Paleoprecipitation estimates for the Eemian are available from paleohydrological modelling of the Dakhla (∼26°N) and Chad megalakes and from fossil vertebrate assemblages from Bir Tarfawi (22°N) (Figure 4b). Paleohydrological modelling of the Dakhla and Chad megalakes suggests MAP values of 410–670 mm/yr [16] and ≥730 mm/yr [39], respectively. Fossil faunas from Bir Tarfawi indicate a MAP value of ≥500 mm/yr [40]. We are unaware of Eemian paleoprecipitation reconstructions from present-day equatorial West African rainforest areas. We have, therefore, considered a MAP increase of 270 mm/yr reported from paleohydrological modelling of Lake Naivasha [71] (Figure 4b) to be representative of Eemian precipitation changes in equatorial Africa. We then followed the same procedure used for the Holocene to reconstruct MAPs and ecosystem distribution throughout North Africa during the Eemian GSP.

Results and Discussion

Middle Pleistocene to Holocene Climate Variability in North Africa

In the southern Sahara (13–18°N), ages of latest Pleistocene to Holocene sediments indicative of humid conditions cluster around 7.5 ka, with a wide distribution (90% of ages are between 1.5 and 13.5 ka) that matches the broad interval of increased monsoonal precipitation between 0° and 15°N [61] and encompasses the local summer insolation peak (Figure 3a). In the central Sahara (18–23°N), the distribution of ages is narrower around 8.5 ka (90% of ages are between 2.5 and 11.5 ka), in correspondence with a shorter period of insolation-driven increased monsoonal precipitation at around 20°N [62]. Further north (23–28°N), ages cluster more tightly around 7.5 ka (90% of ages are between 4.5 and 11.5 ka) and broadly coincide with deposition of an organic-rich layer in the eastern Mediterranean Sea known as sapropel S1, and which reflects monsoon runoff flooding from North Africa into the eastern Mediterranean Sea [64], [65]. These data indicate a progressive (2–3 kyr) northward expansion and southward retraction of monsoonal precipitation at the onset and termination of the GSP, respectively.
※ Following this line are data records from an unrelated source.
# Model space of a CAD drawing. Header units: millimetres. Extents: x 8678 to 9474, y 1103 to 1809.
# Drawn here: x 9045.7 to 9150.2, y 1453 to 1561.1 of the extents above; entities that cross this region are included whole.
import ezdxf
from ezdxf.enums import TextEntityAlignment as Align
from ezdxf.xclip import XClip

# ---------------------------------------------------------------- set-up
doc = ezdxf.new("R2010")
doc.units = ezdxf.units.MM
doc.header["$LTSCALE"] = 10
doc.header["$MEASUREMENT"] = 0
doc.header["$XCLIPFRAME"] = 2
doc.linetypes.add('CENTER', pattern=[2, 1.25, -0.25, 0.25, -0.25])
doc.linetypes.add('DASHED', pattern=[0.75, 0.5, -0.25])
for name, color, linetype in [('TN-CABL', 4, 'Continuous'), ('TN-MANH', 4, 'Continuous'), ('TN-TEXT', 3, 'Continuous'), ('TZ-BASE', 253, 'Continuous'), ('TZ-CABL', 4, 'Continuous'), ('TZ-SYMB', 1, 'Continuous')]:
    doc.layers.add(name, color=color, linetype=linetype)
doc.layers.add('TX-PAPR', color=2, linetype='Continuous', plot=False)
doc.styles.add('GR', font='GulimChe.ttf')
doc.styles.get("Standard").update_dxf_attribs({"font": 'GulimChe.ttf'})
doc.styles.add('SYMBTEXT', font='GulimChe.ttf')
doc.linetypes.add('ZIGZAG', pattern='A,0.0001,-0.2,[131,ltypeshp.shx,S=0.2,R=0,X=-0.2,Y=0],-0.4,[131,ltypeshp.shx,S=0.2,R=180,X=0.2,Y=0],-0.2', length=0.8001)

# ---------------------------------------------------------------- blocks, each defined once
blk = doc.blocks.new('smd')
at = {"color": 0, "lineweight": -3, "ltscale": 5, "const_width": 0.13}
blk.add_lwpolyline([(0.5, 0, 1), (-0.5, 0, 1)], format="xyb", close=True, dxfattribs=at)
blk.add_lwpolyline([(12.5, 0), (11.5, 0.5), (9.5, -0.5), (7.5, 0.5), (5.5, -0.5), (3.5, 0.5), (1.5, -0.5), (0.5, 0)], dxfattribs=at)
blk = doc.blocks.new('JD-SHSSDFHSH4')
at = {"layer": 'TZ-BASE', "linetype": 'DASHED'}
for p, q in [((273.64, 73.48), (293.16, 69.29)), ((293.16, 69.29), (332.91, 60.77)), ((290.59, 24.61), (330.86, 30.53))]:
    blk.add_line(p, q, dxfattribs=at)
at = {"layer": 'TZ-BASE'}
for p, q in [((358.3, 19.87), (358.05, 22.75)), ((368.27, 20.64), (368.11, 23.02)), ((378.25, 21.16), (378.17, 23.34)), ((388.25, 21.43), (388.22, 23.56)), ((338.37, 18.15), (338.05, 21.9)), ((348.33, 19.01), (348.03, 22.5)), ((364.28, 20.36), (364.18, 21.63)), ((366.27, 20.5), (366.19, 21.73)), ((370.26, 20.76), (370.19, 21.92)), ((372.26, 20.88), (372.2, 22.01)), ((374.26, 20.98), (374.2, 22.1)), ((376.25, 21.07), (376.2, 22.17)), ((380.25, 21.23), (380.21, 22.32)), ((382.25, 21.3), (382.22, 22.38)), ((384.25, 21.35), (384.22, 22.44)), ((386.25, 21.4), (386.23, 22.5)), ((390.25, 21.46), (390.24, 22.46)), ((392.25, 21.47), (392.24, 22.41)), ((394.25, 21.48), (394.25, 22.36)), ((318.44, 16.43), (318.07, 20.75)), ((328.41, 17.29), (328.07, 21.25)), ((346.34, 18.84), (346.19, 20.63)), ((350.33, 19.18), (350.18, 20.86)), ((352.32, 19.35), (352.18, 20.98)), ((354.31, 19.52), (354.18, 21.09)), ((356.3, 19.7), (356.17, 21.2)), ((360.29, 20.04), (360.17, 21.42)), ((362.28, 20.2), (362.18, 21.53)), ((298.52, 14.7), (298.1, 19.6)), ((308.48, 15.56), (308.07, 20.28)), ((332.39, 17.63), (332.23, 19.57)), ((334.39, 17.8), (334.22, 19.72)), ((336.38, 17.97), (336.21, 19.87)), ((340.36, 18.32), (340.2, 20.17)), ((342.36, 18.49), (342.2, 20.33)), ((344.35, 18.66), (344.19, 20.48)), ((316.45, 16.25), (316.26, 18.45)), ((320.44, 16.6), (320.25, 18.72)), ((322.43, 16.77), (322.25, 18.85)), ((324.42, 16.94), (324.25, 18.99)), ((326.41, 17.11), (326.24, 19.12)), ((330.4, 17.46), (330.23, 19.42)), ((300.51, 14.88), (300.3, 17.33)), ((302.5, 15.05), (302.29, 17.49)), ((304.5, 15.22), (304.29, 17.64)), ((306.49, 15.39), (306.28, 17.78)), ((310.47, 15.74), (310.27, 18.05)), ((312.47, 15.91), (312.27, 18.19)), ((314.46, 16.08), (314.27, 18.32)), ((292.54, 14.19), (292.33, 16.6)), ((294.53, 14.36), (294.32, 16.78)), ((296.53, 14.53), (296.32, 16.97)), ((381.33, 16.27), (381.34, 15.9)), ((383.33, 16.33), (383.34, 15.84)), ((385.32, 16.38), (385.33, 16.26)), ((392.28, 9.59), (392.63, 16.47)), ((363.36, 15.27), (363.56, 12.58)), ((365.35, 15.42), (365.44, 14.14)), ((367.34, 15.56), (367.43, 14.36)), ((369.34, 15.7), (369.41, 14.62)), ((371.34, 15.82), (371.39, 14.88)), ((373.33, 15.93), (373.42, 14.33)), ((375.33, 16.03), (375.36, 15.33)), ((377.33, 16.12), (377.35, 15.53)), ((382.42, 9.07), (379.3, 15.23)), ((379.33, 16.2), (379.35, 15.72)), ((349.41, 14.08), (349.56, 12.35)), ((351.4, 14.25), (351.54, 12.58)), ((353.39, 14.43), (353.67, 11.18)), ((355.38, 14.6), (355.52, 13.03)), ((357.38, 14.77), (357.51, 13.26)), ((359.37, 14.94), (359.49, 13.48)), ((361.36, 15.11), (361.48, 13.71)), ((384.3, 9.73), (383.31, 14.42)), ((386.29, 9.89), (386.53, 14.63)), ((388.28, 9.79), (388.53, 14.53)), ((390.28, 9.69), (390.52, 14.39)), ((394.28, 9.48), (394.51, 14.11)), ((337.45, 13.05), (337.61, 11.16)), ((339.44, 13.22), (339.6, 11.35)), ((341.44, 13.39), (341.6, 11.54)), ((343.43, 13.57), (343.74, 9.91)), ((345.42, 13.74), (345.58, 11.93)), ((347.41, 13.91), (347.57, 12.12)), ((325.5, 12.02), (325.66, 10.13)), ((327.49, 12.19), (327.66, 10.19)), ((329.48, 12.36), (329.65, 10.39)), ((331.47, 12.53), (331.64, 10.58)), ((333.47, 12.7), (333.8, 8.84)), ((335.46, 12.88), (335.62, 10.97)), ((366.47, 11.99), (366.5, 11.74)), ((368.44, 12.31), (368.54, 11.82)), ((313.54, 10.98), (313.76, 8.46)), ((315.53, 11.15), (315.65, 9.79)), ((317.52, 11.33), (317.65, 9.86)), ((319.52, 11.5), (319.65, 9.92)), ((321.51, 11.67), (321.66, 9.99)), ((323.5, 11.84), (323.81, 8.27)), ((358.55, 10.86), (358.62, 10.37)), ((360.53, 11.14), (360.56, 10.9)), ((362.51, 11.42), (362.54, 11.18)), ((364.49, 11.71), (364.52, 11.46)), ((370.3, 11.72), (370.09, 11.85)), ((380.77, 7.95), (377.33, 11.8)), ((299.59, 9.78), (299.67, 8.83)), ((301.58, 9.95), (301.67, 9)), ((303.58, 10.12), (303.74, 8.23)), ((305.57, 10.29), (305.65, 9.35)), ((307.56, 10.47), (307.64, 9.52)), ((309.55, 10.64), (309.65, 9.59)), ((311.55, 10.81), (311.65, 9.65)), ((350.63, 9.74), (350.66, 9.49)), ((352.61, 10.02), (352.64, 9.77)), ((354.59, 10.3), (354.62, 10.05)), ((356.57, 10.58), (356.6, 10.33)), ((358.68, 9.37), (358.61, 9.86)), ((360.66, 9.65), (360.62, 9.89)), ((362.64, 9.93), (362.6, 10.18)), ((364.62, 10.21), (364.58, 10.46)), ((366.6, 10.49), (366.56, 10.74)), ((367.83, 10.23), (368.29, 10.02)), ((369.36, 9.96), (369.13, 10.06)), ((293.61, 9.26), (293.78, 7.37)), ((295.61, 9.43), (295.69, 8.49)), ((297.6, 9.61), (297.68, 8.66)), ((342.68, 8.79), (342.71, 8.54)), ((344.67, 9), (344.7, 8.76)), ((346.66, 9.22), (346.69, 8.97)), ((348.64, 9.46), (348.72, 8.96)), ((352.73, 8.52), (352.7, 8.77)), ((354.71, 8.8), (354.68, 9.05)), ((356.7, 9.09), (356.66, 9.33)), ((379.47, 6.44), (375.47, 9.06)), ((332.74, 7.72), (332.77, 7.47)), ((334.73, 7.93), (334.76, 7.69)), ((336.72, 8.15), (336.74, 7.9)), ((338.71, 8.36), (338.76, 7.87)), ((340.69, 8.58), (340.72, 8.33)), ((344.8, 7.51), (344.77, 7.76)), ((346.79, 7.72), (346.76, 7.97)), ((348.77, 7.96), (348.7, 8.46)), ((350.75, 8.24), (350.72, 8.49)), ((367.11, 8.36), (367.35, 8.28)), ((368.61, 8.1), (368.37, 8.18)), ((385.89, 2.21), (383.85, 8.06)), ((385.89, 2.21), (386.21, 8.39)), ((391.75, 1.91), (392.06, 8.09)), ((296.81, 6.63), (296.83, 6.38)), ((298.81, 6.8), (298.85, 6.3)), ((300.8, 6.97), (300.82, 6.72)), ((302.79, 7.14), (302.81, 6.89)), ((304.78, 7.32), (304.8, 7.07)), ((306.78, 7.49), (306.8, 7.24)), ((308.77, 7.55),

Monsoon-driven wetter conditions throughout the Sahara peaked over a ∼4 kyr period that is broadly marked by deposition of sapropel S1. Both the mid-point of sapropel S1 and clusters of sediments indicative of wet conditions in the Sahara lag by 1.5–3 kyr relative to the insolation peak, which has been attributed to groundwater recharge preceding development of large lakes at the onset of the GSP [6] and arrival of runoff to the Mediterranean Sea.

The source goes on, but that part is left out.